- EXERCISE PROMPT -
Where a line contains "complete | Work (h) |", start there and write out that line and each one after it, word for word, through the final line of the entries; add nothing else.

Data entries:

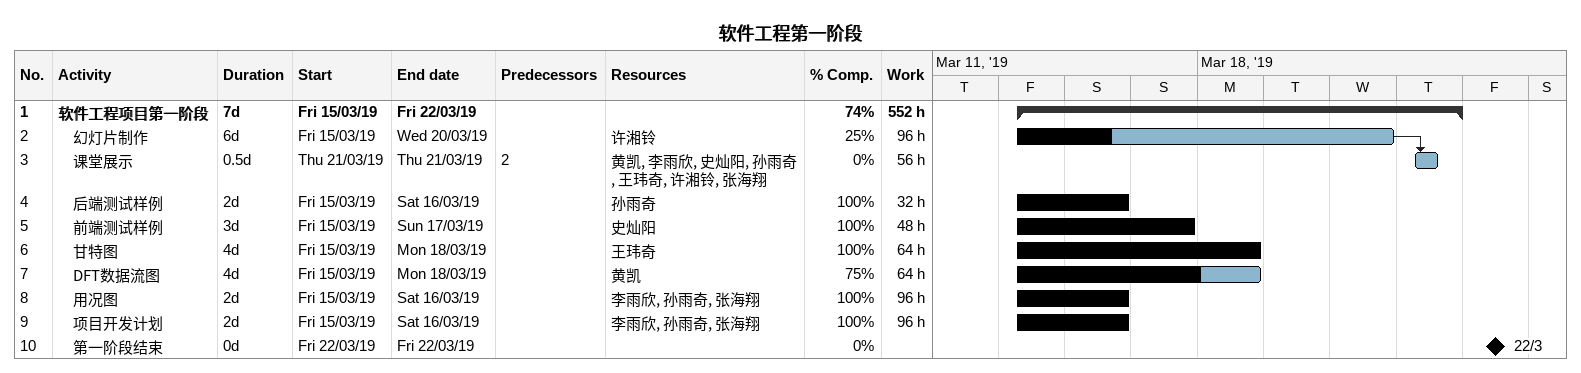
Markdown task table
软件工程第一阶段

| ID | Level | Task | Duration | Start | Finish | Predecessors | Resources | % complete | Work (h) |
|---|---|---|---|---|---|---|---|---|---|
| 1 | 1 | **软件工程项目第一阶段** | 7d | 2019-03-15 | 2019-03-22 |  |  | 74 | 552 |
| 2 | 2 | 幻灯片制作 | 6d | 2019-03-15 | 2019-03-20 |  | 许湘铃 | 25 | 96 |
| 3 | 2 | 课堂展示 | 0.5d | 2019-03-21 | 2019-03-21 | 2 | 黄凯, 李雨欣, 史灿阳, 孙雨奇, 王玮奇, 许湘铃, 张海翔 | 0 | 56 |
| 4 | 2 | 后端测试样例 | 2d | 2019-03-15 | 2019-03-16 |  | 孙雨奇 | 100 | 32 |
| 5 | 2 | 前端测试样例 | 3d | 2019-03-15 | 2019-03-17 |  | 史灿阳 | 100 | 48 |
| 6 | 2 | 甘特图 | 4d | 2019-03-15 | 2019-03-18 |  | 王玮奇 | 100 | 64 |
| 7 | 2 | DFT数据流图 | 4d | 2019-03-15 | 2019-03-18 |  | 黄凯 | 75 | 64 |
| 8 | 2 | 用况图 | 2d | 2019-03-15 | 2019-03-16 |  | 李雨欣, 孙雨奇, 张海翔 | 100 | 96 |
| 9 | 2 | 项目开发计划 | 2d | 2019-03-15 | 2019-03-16 |  | 李雨欣, 孙雨奇, 张海翔 | 100 | 96 |
| 10 | 2 | 第一阶段结束 | 0d | 2019-03-22 | 2019-03-22 |  |  | 0 |  |

- REPLY -
| ID | Level | Task | Duration | Start | Finish | Predecessors | Resources | % complete | Work (h) |
|---|---|---|---|---|---|---|---|---|---|
| 1 | 1 | **软件工程项目第一阶段** | 7d | 2019-03-15 | 2019-03-22 |  |  | 74 | 552 |
| 2 | 2 | 幻灯片制作 | 6d | 2019-03-15 | 2019-03-20 |  | 许湘铃 | 25 | 96 |
| 3 | 2 | 课堂展示 | 0.5d | 2019-03-21 | 2019-03-21 | 2 | 黄凯, 李雨欣, 史灿阳, 孙雨奇, 王玮奇, 许湘铃, 张海翔 | 0 | 56 |
| 4 | 2 | 后端测试样例 | 2d | 2019-03-15 | 2019-03-16 |  | 孙雨奇 | 100 | 32 |
| 5 | 2 | 前端测试样例 | 3d | 2019-03-15 | 2019-03-17 |  | 史灿阳 | 100 | 48 |
| 6 | 2 | 甘特图 | 4d | 2019-03-15 | 2019-03-18 |  | 王玮奇 | 100 | 64 |
| 7 | 2 | DFT数据流图 | 4d | 2019-03-15 | 2019-03-18 |  | 黄凯 | 75 | 64 |
| 8 | 2 | 用况图 | 2d | 2019-03-15 | 2019-03-16 |  | 李雨欣, 孙雨奇, 张海翔 | 100 | 96 |
| 9 | 2 | 项目开发计划 | 2d | 2019-03-15 | 2019-03-16 |  | 李雨欣, 孙雨奇, 张海翔 | 100 | 96 |
| 10 | 2 | 第一阶段结束 | 0d | 2019-03-22 | 2019-03-22 |  |  | 0 |  |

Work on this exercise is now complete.